Little pieces of a hand woven diaper or cap were carefully pinned to admission papers.  Scraps from worn dresses and lots of ribbons were left.  We can speculate on the meaning of some of the remnants.  Did fabric imprinted with the image of buds or flowers reflect an unspoken hope for this child?  Did birds and butterflies speak to the dream of a bright and happy future?  The meaning of the ever abundance hearts is clear.  They came in every form imaginable– drawn on paper, metal hearts, embroidered hearts, hearts cut out of fabric.

What I found particularly heart breaking were the notes. (My only complaint about the online version of this exhibit is that the pictures focused more on the cloth and often cut off the notes.)

  • Foundling 8338: “May all thy life be happiness and love.”
  • Founding 7000: Ann Gardner, born Oct. 6, 1757. “Begs to have care taken of her and they will pay all charges in a little time with a handsome acknowledgement for the same and have her home again when they get over the little trouble they are in.
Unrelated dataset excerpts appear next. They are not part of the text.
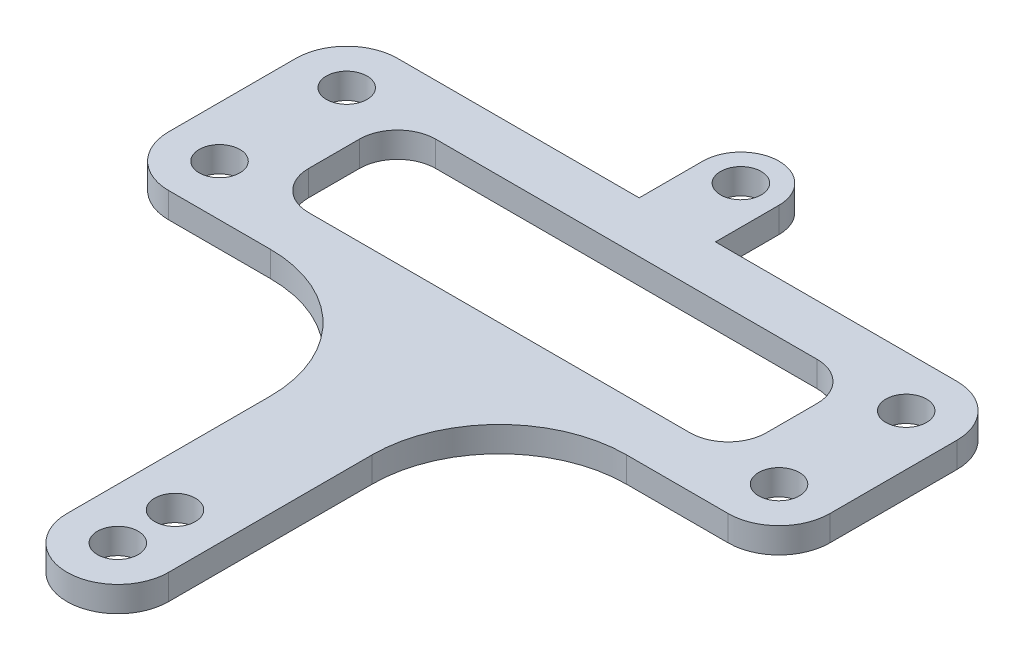
ISO-10303-21;
HEADER;
FILE_DESCRIPTION(('STEP AP214'),'2;1');
FILE_NAME('part.step','',(''),(''),'','','');
FILE_SCHEMA(('AUTOMOTIVE_DESIGN { 1 0 10303 214 1 1 1 1 }'));
ENDSEC;
DATA;
#1=APPLICATION_CONTEXT('core data for automotive mechanical design processes');
#2=APPLICATION_PROTOCOL_DEFINITION('international standard','automotive_design',2000,#1);
#3=PRODUCT_CONTEXT('',#1,'mechanical');
#4=PRODUCT('Part','Part','',(#3));
#5=PRODUCT_RELATED_PRODUCT_CATEGORY('part','',(#4));
#6=PRODUCT_DEFINITION_FORMATION('','',#4);
#7=PRODUCT_DEFINITION_CONTEXT('part definition',#1,'design');
#8=PRODUCT_DEFINITION('design','',#6,#7);
#9=PRODUCT_DEFINITION_SHAPE('','',#8);
#10=(LENGTH_UNIT() NAMED_UNIT(*) SI_UNIT(.MILLI.,.METRE.));
#11=(NAMED_UNIT(*) PLANE_ANGLE_UNIT() SI_UNIT($,.RADIAN.));
#12=(NAMED_UNIT(*) SI_UNIT($,.STERADIAN.) SOLID_ANGLE_UNIT());
#13=UNCERTAINTY_MEASURE_WITH_UNIT(LENGTH_MEASURE(1.E-05),#10,'distance_accuracy_value','');
#14=(GEOMETRIC_REPRESENTATION_CONTEXT(3) GLOBAL_UNCERTAINTY_ASSIGNED_CONTEXT((#13)) GLOBAL_UNIT_ASSIGNED_CONTEXT((#10,
#11,#12)) REPRESENTATION_CONTEXT('',''));
#15=CARTESIAN_POINT('',(0.,0.,0.));
#16=DIRECTION('',(0.,0.,1.));
#17=DIRECTION('',(1.,0.,0.));
#18=AXIS2_PLACEMENT_3D('',#15,#16,#17);
#19=CARTESIAN_POINT('',(0.,2.,0.));
#20=DIRECTION('',(0.,1.,0.));
#21=DIRECTION('',(0.,0.,1.));
#22=AXIS2_PLACEMENT_3D('',#19,#20,#21);
#23=PLANE('',#22);
#24=CARTESIAN_POINT('',(0.,2.,40.5));
#25=DIRECTION('',(0.,1.,0.));
#26=DIRECTION('',(0.,0.,1.));
#27=AXIS2_PLACEMENT_3D('',#24,#25,#26);
#28=CIRCLE('',#27,1.6);
#29=CARTESIAN_POINT('',(0.,2.,42.1));
#30=VERTEX_POINT('',#29);
#31=EDGE_CURVE('E943',#30,#30,#28,.T.);
#32=ORIENTED_EDGE('',*,*,#31,.F.);
#33=EDGE_LOOP('',(#32));
#34=FACE_BOUND('',#33,.T.);
#35=CARTESIAN_POINT('',(0.,2.,45.));
#36=DIRECTION('',(0.,1.,0.));
#37=DIRECTION('',(0.,0.,1.));
#38=AXIS2_PLACEMENT_3D('',#35,#36,#37);
#39=CIRCLE('',#38,1.6);
#40=CARTESIAN_POINT('',(0.,2.,46.6));
#41=VERTEX_POINT('',#40);
#42=EDGE_CURVE('E948',#41,#41,#39,.T.);
#43=ORIENTED_EDGE('',*,*,#42,.F.);
#44=EDGE_LOOP('',(#43));
#45=FACE_BOUND('',#44,.T.);
#46=CARTESIAN_POINT('',(-14.,2.,29.));
#47=DIRECTION('',(0.,1.,0.));
#48=DIRECTION('',(0.,0.,1.));
#49=AXIS2_PLACEMENT_3D('',#46,#47,#48);
#50=CIRCLE('',#49,10.);
#51=CARTESIAN_POINT('',(-14.,2.,19.));
#52=VERTEX_POINT('',#51);
#53=CARTESIAN_POINT('',(-4.,2.,29.));
#54=VERTEX_POINT('',#53);
#55=EDGE_CURVE('E416',#52,#54,#50,.F.);
#56=ORIENTED_EDGE('',*,*,#55,.T.);
#57=DIRECTION('',(0.,0.,-1.));
#58=VECTOR('',#57,1.);
#59=CARTESIAN_POINT('',(-3.99999999999999,2.,0.));
#60=LINE('',#59,#58);
#61=CARTESIAN_POINT('',(-4.,2.,45.));
#62=VERTEX_POINT('',#61);
#63=EDGE_CURVE('E303',#62,#54,#60,.T.);
#64=ORIENTED_EDGE('',*,*,#63,.F.);
#65=CARTESIAN_POINT('',(0.,2.,45.));
#66=DIRECTION('',(0.,1.,0.));
#67=DIRECTION('',(0.,0.,1.));
#68=AXIS2_PLACEMENT_3D('',#65,#66,#67);
#69=CIRCLE('',#68,4.);
#70=CARTESIAN_POINT('',(4.,2.,45.));
#71=VERTEX_POINT('',#70);
#72=EDGE_CURVE('E306',#62,#71,#69,.T.);
#73=ORIENTED_EDGE('',*,*,#72,.T.);
#74=DIRECTION('',(0.,0.,-1.));
#75=VECTOR('',#74,1.);
#76=CARTESIAN_POINT('',(4.00000000000001,2.,0.));
#77=LINE('',#76,#75);
#78=CARTESIAN_POINT('',(4.,2.,29.));
#79=VERTEX_POINT('',#78);
#80=EDGE_CURVE('E309',#71,#79,#77,.T.);
#81=ORIENTED_EDGE('',*,*,#80,.T.);
#82=CARTESIAN_POINT('',(14.,2.,29.));
#83=DIRECTION('',(0.,1.,0.));
#84=DIRECTION('',(0.,0.,1.));
#85=AXIS2_PLACEMENT_3D('',#82,#83,#84);
#86=CIRCLE('',#85,10.);
#87=CARTESIAN_POINT('',(14.,2.,19.));
#88=VERTEX_POINT('',#87);
#89=EDGE_CURVE('E420',#79,#88,#86,.F.);
#90=ORIENTED_EDGE('',*,*,#89,.T.);
#91=DIRECTION('',(-1.,0.,0.));
#92=VECTOR('',#91,1.);
#93=CARTESIAN_POINT('',(0.,2.,19.));
#94=LINE('',#93,#92);
#95=CARTESIAN_POINT('',(22.,2.,19.));
#96=VERTEX_POINT('',#95);
#97=EDGE_CURVE('E312',#96,#88,#94,.T.);
#98=ORIENTED_EDGE('',*,*,#97,.F.);
#99=CARTESIAN_POINT('',(22.,2.,15.));
#100=DIRECTION('',(0.,1.,0.));
#101=DIRECTION('',(0.,0.,1.));
#102=AXIS2_PLACEMENT_3D('',#99,#100,#101);
#103=CIRCLE('',#102,4.);
#104=CARTESIAN_POINT('',(26.,2.,15.));
#105=VERTEX_POINT('',#104);
#106=EDGE_CURVE('E315',#96,#105,#103,.T.);
#107=ORIENTED_EDGE('',*,*,#106,.T.);
#108=DIRECTION('',(0.,0.,1.));
#109=VECTOR('',#108,1.);
#110=CARTESIAN_POINT('',(26.,2.,0.));
#111=LINE('',#110,#109);
#112=CARTESIAN_POINT('',(26.,2.,5.));
#113=VERTEX_POINT('',#112);
#114=EDGE_CURVE('E317',#113,#105,#111,.T.);
#115=ORIENTED_EDGE('',*,*,#114,.F.);
#116=CARTESIAN_POINT('',(22.,2.,5.));
#117=DIRECTION('',(0.,1.,0.));
#118=DIRECTION('',(0.,0.,1.));
#119=AXIS2_PLACEMENT_3D('',#116,#117,#118);
#120=CIRCLE('',#119,4.);
#121=CARTESIAN_POINT('',(22.,2.,1.));
#122=VERTEX_POINT('',#121);
#123=EDGE_CURVE('E320',#113,#122,#120,.T.);
#124=ORIENTED_EDGE('',*,*,#123,.T.);
#125=DIRECTION('',(-1.,0.,0.));
#126=VECTOR('',#125,1.);
#127=CARTESIAN_POINT('',(0.,2.,1.));
#128=LINE('',#127,#126);
#129=CARTESIAN_POINT('',(3.,2.,1.));
#130=VERTEX_POINT('',#129);
#131=EDGE_CURVE('E243',#122,#130,#128,.T.);
#132=ORIENTED_EDGE('',*,*,#131,.T.);
#133=DIRECTION('',(0.,0.,-1.));
#134=VECTOR('',#133,1.);
#135=CARTESIAN_POINT('',(3.,2.,1.));
#136=LINE('',#135,#134);
#137=CARTESIAN_POINT('',(3.,2.,-4.));
#138=VERTEX_POINT('',#137);
#139=EDGE_CURVE('E236',#130,#138,#136,.T.);
#140=ORIENTED_EDGE('',*,*,#139,.T.);
#141=CARTESIAN_POINT('',(0.,2.,-4.));
#142=DIRECTION('',(0.,1.,0.));
#143=DIRECTION('',(0.,0.,1.));
#144=AXIS2_PLACEMENT_3D('',#141,#142,#143);
#145=CIRCLE('',#144,3.);
#146=CARTESIAN_POINT('',(-3.,2.,-4.));
#147=VERTEX_POINT('',#146);
#148=EDGE_CURVE('E241',#138,#147,#145,.T.);
#149=ORIENTED_EDGE('',*,*,#148,.T.);
#150=DIRECTION('',(0.,0.,1.));
#151=VECTOR('',#150,1.);
#152=CARTESIAN_POINT('',(-3.,2.,1.00000000000002));
#153=LINE('',#152,#151);
#154=CARTESIAN_POINT('',(-3.,2.,1.00000000000002));
#155=VERTEX_POINT('',#154);
#156=EDGE_CURVE('E246',#147,#155,#153,.T.);
#157=ORIENTED_EDGE('',*,*,#156,.T.);
#158=CARTESIAN_POINT('',(-22.,2.,1.00000000000001));
#159=VERTEX_POINT('',#158);
#160=EDGE_CURVE('E322',#155,#159,#128,.T.);
#161=ORIENTED_EDGE('',*,*,#160,.T.);
#162=CARTESIAN_POINT('',(-22.,2.,5.00000000000001));
#163=DIRECTION('',(0.,1.,0.));
#164=DIRECTION('',(0.,0.,1.));
#165=AXIS2_PLACEMENT_3D('',#162,#163,#164);
#166=CIRCLE('',#165,4.);
#167=CARTESIAN_POINT('',(-26.,2.,5.00000000000001));
#168=VERTEX_POINT('',#167);
#169=EDGE_CURVE('E324',#168,#159,#166,.F.);
#170=ORIENTED_EDGE('',*,*,#169,.F.);
#171=DIRECTION('',(0.,0.,1.));
#172=VECTOR('',#171,1.);
#173=CARTESIAN_POINT('',(-26.,2.,0.));
#174=LINE('',#173,#172);
#175=CARTESIAN_POINT('',(-26.,2.,15.));
#176=VERTEX_POINT('',#175);
#177=EDGE_CURVE('E327',#168,#176,#174,.T.);
#178=ORIENTED_EDGE('',*,*,#177,.T.);
#179=CARTESIAN_POINT('',(-22.,2.,15.));
#180=DIRECTION('',(0.,1.,0.));
#181=DIRECTION('',(0.,0.,1.));
#182=AXIS2_PLACEMENT_3D('',#179,#180,#181);
#183=CIRCLE('',#182,4.);
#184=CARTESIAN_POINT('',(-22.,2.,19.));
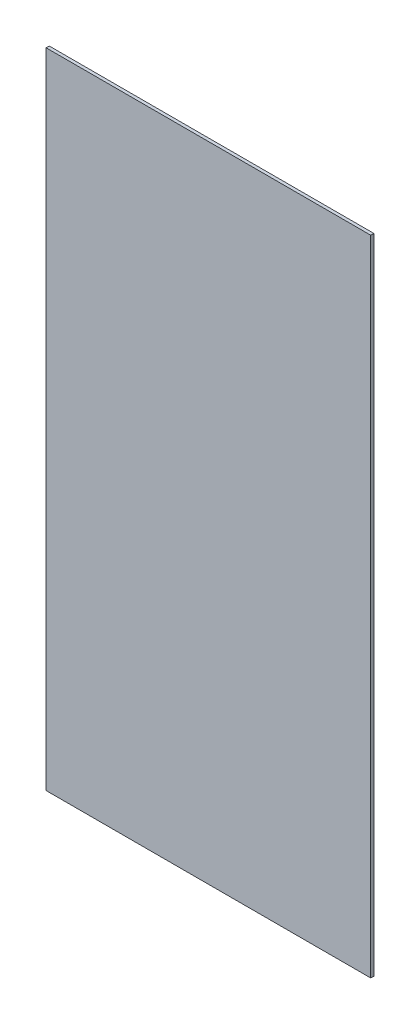
ISO-10303-21;
HEADER;
FILE_DESCRIPTION(('STEP AP214'),'2;1');
FILE_NAME('part.step','',(''),(''),'','','');
FILE_SCHEMA(('AUTOMOTIVE_DESIGN { 1 0 10303 214 1 1 1 1 }'));
ENDSEC;
DATA;
#1=APPLICATION_CONTEXT('core data for automotive mechanical design processes');
#2=APPLICATION_PROTOCOL_DEFINITION('international standard','automotive_design',2000,#1);
#3=PRODUCT_CONTEXT('',#1,'mechanical');
#4=PRODUCT('Part','Part','',(#3));
#5=PRODUCT_RELATED_PRODUCT_CATEGORY('part','',(#4));
#6=PRODUCT_DEFINITION_FORMATION('','',#4);
#7=PRODUCT_DEFINITION_CONTEXT('part definition',#1,'design');
#8=PRODUCT_DEFINITION('design','',#6,#7);
#9=PRODUCT_DEFINITION_SHAPE('','',#8);
#10=(LENGTH_UNIT() NAMED_UNIT(*) SI_UNIT(.MILLI.,.METRE.));
#11=(NAMED_UNIT(*) PLANE_ANGLE_UNIT() SI_UNIT($,.RADIAN.));
#12=(NAMED_UNIT(*) SI_UNIT($,.STERADIAN.) SOLID_ANGLE_UNIT());
#13=UNCERTAINTY_MEASURE_WITH_UNIT(LENGTH_MEASURE(1.E-05),#10,'distance_accuracy_value','');
#14=(GEOMETRIC_REPRESENTATION_CONTEXT(3) GLOBAL_UNCERTAINTY_ASSIGNED_CONTEXT((#13)) GLOBAL_UNIT_ASSIGNED_CONTEXT((#10,
#11,#12)) REPRESENTATION_CONTEXT('',''));
#15=CARTESIAN_POINT('',(0.,0.,0.));
#16=DIRECTION('',(0.,0.,1.));
#17=DIRECTION('',(1.,0.,0.));
#18=AXIS2_PLACEMENT_3D('',#15,#16,#17);
#19=CARTESIAN_POINT('',(-408.027306533152,376.861510791367,5.));
#20=DIRECTION('',(1.,0.,0.));
#21=DIRECTION('',(0.,0.,-1.));
#22=AXIS2_PLACEMENT_3D('',#19,#20,#21);
#23=PLANE('',#22);
#24=DIRECTION('',(0.,-1.,0.));
#25=VECTOR('',#24,1.);
#26=CARTESIAN_POINT('',(-408.027306533152,376.861510791367,0.));
#27=LINE('',#26,#25);
#28=CARTESIAN_POINT('',(-408.027306533152,376.861510791367,0.));
#29=VERTEX_POINT('',#28);
#30=CARTESIAN_POINT('',(-408.027306533152,-653.638489208633,0.));
#31=VERTEX_POINT('',#30);
#32=EDGE_CURVE('E107',#29,#31,#27,.T.);
#33=ORIENTED_EDGE('',*,*,#32,.T.);
#34=DIRECTION('',(0.,0.,-1.));
#35=VECTOR('',#34,1.);
#36=CARTESIAN_POINT('',(-408.027306533152,-653.638489208633,5.));
#37=LINE('',#36,#35);
#38=CARTESIAN_POINT('',(-408.027306533152,-653.638489208633,5.));
#39=VERTEX_POINT('',#38);
#40=EDGE_CURVE('E11',#39,#31,#37,.T.);
#41=ORIENTED_EDGE('',*,*,#40,.F.);
#42=DIRECTION('',(0.,-1.,0.));
#43=VECTOR('',#42,1.);
#44=CARTESIAN_POINT('',(-408.027306533152,376.861510791367,5.));
#45=LINE('',#44,#43);
#46=CARTESIAN_POINT('',(-408.027306533152,376.861510791367,5.));
#47=VERTEX_POINT('',#46);
#48=EDGE_CURVE('E91',#47,#39,#45,.T.);
#49=ORIENTED_EDGE('',*,*,#48,.F.);
#50=DIRECTION('',(0.,0.,-1.));
#51=VECTOR('',#50,1.);
#52=CARTESIAN_POINT('',(-408.027306533152,376.861510791367,5.));
#53=LINE('',#52,#51);
#54=EDGE_CURVE('E103',#47,#29,#53,.T.);
#55=ORIENTED_EDGE('',*,*,#54,.T.);
#56=EDGE_LOOP('',(#33,#41,#49,#55));
#57=FACE_BOUND('',#56,.T.);
#58=ADVANCED_FACE('F39',(#57),#23,.F.);
#59=CARTESIAN_POINT('',(-408.027306533152,-653.638489208633,5.));
#60=DIRECTION('',(0.,1.,0.));
#61=DIRECTION('',(-1.,0.,0.));
#62=AXIS2_PLACEMENT_3D('',#59,#60,#61);
#63=PLANE('',#62);
#64=DIRECTION('',(1.,0.,0.));
#65=VECTOR('',#64,1.);
#66=CARTESIAN_POINT('',(-408.027306533152,-653.638489208633,0.));
#67=LINE('',#66,#65);
#68=CARTESIAN_POINT('',(111.972693466848,-653.638489208633,0.));
#69=VERTEX_POINT('',#68);
#70=EDGE_CURVE('E96',#31,#69,#67,.T.);
#71=ORIENTED_EDGE('',*,*,#70,.T.);
#72=DIRECTION('',(0.,0.,-1.));
#73=VECTOR('',#72,1.);
#74=CARTESIAN_POINT('',(111.972693466848,-653.638489208633,5.));
#75=LINE('',#74,#73);
#76=CARTESIAN_POINT('',(111.972693466848,-653.638489208633,5.));
#77=VERTEX_POINT('',#76);
#78=EDGE_CURVE('E48',#77,#69,#75,.T.);
#79=ORIENTED_EDGE('',*,*,#78,.F.);
#80=DIRECTION('',(1.,0.,0.));
#81=VECTOR('',#80,1.);
#82=CARTESIAN_POINT('',(-408.027306533152,-653.638489208633,5.));
#83=LINE('',#82,#81);
#84=EDGE_CURVE('E86',#39,#77,#83,.T.);
#85=ORIENTED_EDGE('',*,*,#84,.F.);
#86=ORIENTED_EDGE('',*,*,#40,.T.);
#87=EDGE_LOOP('',(#71,#79,#85,#86));
#88=FACE_BOUND('',#87,.T.);
#89=ADVANCED_FACE('F95',(#88),#63,.F.);
#90=CARTESIAN_POINT('',(111.972693466848,376.861510791367,5.));
#91=DIRECTION('',(-1.,0.,0.));
#92=DIRECTION('',(0.,-1.,0.));
#93=AXIS2_PLACEMENT_3D('',#90,#91,#92);
#94=PLANE('',#93);
#95=DIRECTION('',(0.,1.,0.));
#96=VECTOR('',#95,1.);
#97=CARTESIAN_POINT('',(111.972693466848,376.861510791367,0.));
#98=LINE('',#97,#96);
#99=CARTESIAN_POINT('',(111.972693466848,376.861510791367,0.));
#100=VERTEX_POINT('',#99);
#101=EDGE_CURVE('E73',#69,#100,#98,.T.);
#102=ORIENTED_EDGE('',*,*,#101,.T.);
#103=DIRECTION('',(0.,0.,-1.));
#104=VECTOR('',#103,1.);
#105=CARTESIAN_POINT('',(111.972693466848,376.861510791367,5.));
#106=LINE('',#105,#104);
#107=CARTESIAN_POINT('',(111.972693466848,376.861510791367,5.));
#108=VERTEX_POINT('',#107);
#109=EDGE_CURVE('E98',#108,#100,#106,.T.);
#110=ORIENTED_EDGE('',*,*,#109,.F.);
#111=DIRECTION('',(0.,1.,0.));
#112=VECTOR('',#111,1.);
#113=CARTESIAN_POINT('',(111.972693466848,376.861510791367,5.));
#114=LINE('',#113,#112);
#115=EDGE_CURVE('E89',#77,#108,#114,.T.);
#116=ORIENTED_EDGE('',*,*,#115,.F.);
#117=ORIENTED_EDGE('',*,*,#78,.T.);
#118=EDGE_LOOP('',(#102,#110,#116,#117));
#119=FACE_BOUND('',#118,.T.);
#120=ADVANCED_FACE('F99',(#119),#94,.F.);
#121=CARTESIAN_POINT('',(-408.027306533152,376.861510791367,5.));
#122=DIRECTION('',(0.,-1.,0.));
#123=DIRECTION('',(0.,0.,-1.));
#124=AXIS2_PLACEMENT_3D('',#121,#122,#123);
#125=PLANE('',#124);
#126=DIRECTION('',(-1.,0.,0.));
#127=VECTOR('',#126,1.);
#128=CARTESIAN_POINT('',(-408.027306533152,376.861510791367,0.));
#129=LINE('',#128,#127);
#130=EDGE_CURVE('E79',#100,#29,#129,.T.);
#131=ORIENTED_EDGE('',*,*,#130,.T.);
#132=ORIENTED_EDGE('',*,*,#54,.F.);
#133=DIRECTION('',(-1.,0.,0.));
#134=VECTOR('',#133,1.);
#135=CARTESIAN_POINT('',(-408.027306533152,376.861510791367,5.));
#136=LINE('',#135,#134);
#137=EDGE_CURVE('E56',#108,#47,#136,.T.);
#138=ORIENTED_EDGE('',*,*,#137,.F.);
#139=ORIENTED_EDGE('',*,*,#109,.T.);
#140=EDGE_LOOP('',(#131,#132,#138,#139));
#141=FACE_BOUND('',#140,.T.);
#142=ADVANCED_FACE('F120',(#141),#125,.F.);
#143=CARTESIAN_POINT('',(0.,0.,5.));
#144=DIRECTION('',(0.,0.,1.));
#145=DIRECTION('',(1.,0.,0.));
#146=AXIS2_PLACEMENT_3D('',#143,#144,#145);
#147=PLANE('',#146);
#148=ORIENTED_EDGE('',*,*,#48,.T.);
#149=ORIENTED_EDGE('',*,*,#84,.T.);
#150=ORIENTED_EDGE('',*,*,#115,.T.);
#151=ORIENTED_EDGE('',*,*,#137,.T.);
#152=EDGE_LOOP('',(#148,#149,#150,#151));
#153=FACE_BOUND('',#152,.T.);
#154=ADVANCED_FACE('F87',(#153),#147,.T.);
#155=CARTESIAN_POINT('',(0.,0.,0.));
#156=DIRECTION('',(0.,0.,1.));
#157=DIRECTION('',(1.,0.,0.));
#158=AXIS2_PLACEMENT_3D('',#155,#156,#157);
#159=PLANE('',#158);
#160=ORIENTED_EDGE('',*,*,#32,.F.);
#161=ORIENTED_EDGE('',*,*,#130,.F.);
#162=ORIENTED_EDGE('',*,*,#101,.F.);
#163=ORIENTED_EDGE('',*,*,#70,.F.);
#164=EDGE_LOOP('',(#160,#161,#162,#163));
#165=FACE_BOUND('',#164,.T.);
#166=ADVANCED_FACE('F123',(#165),#159,.F.);
#167=CLOSED_SHELL('',(#58,#89,#120,#142,#154,#166));
#168=MANIFOLD_SOLID_BREP('B2',#167);
#169=ADVANCED_BREP_SHAPE_REPRESENTATION('',(#18,#168),#14);
#170=SHAPE_DEFINITION_REPRESENTATION(#9,#169);
ENDSEC;
END-ISO-10303-21;

She is not a bastard child.
  • Foundling 8959: Florella Burney, born June 19, 1758  “In The Parish off St Anns SoHo. not Baptize’d, pray Let partiuclare Care be Taken’en off this Child, As it will be call’d for Again.”

I ached to know what happened.  Were Ann and Florella ever reunited with their families?  Did Foundling 8338 have a happy life?  We don’t know the specifics of these orphans, but we know that two thirds of the children died.  Although this sounds like a condemnation of the care at the Foundling Hospital, during this same time period half of all children born in London died in infancy.  At least from the records, it appears that the Foundling Hospital did the best they could.

Within a few days of being received the children were shipped out to the country, where they were fostered by wet nurses. If they managed to survive for six years, they returned to the Foundling Hospital for some solid if rudimentary education.  At fifteen, the boys were apprenticed in a variety of trades and the girls prepared for a life as household servants.

Happy endings were few and far between.

Out of the 16,282 infants admitted between 1741 and 1760, only 152 mothers ever reclaimed their child. One of these 152 was Sarah Bender. When she left her son, she also left a piece of elaborate patchwork, made up of bits of printed fabric, on which she had embroidered a heart in red thread. She retained the matching piece. Eight years later, she showed up at the door to the Foundling Hospital and presented her piece of patchwork, and left with her son.

As I looked at the pictures of the cloth and notes left, I wondered. What would I have left?  What would I have written that could possibly convey my reasons, and my hopes and my prayers for my child.  Thank God I’ve never been in that position because I couldn’t think of a thing that would begin to encompass what I would want to convey.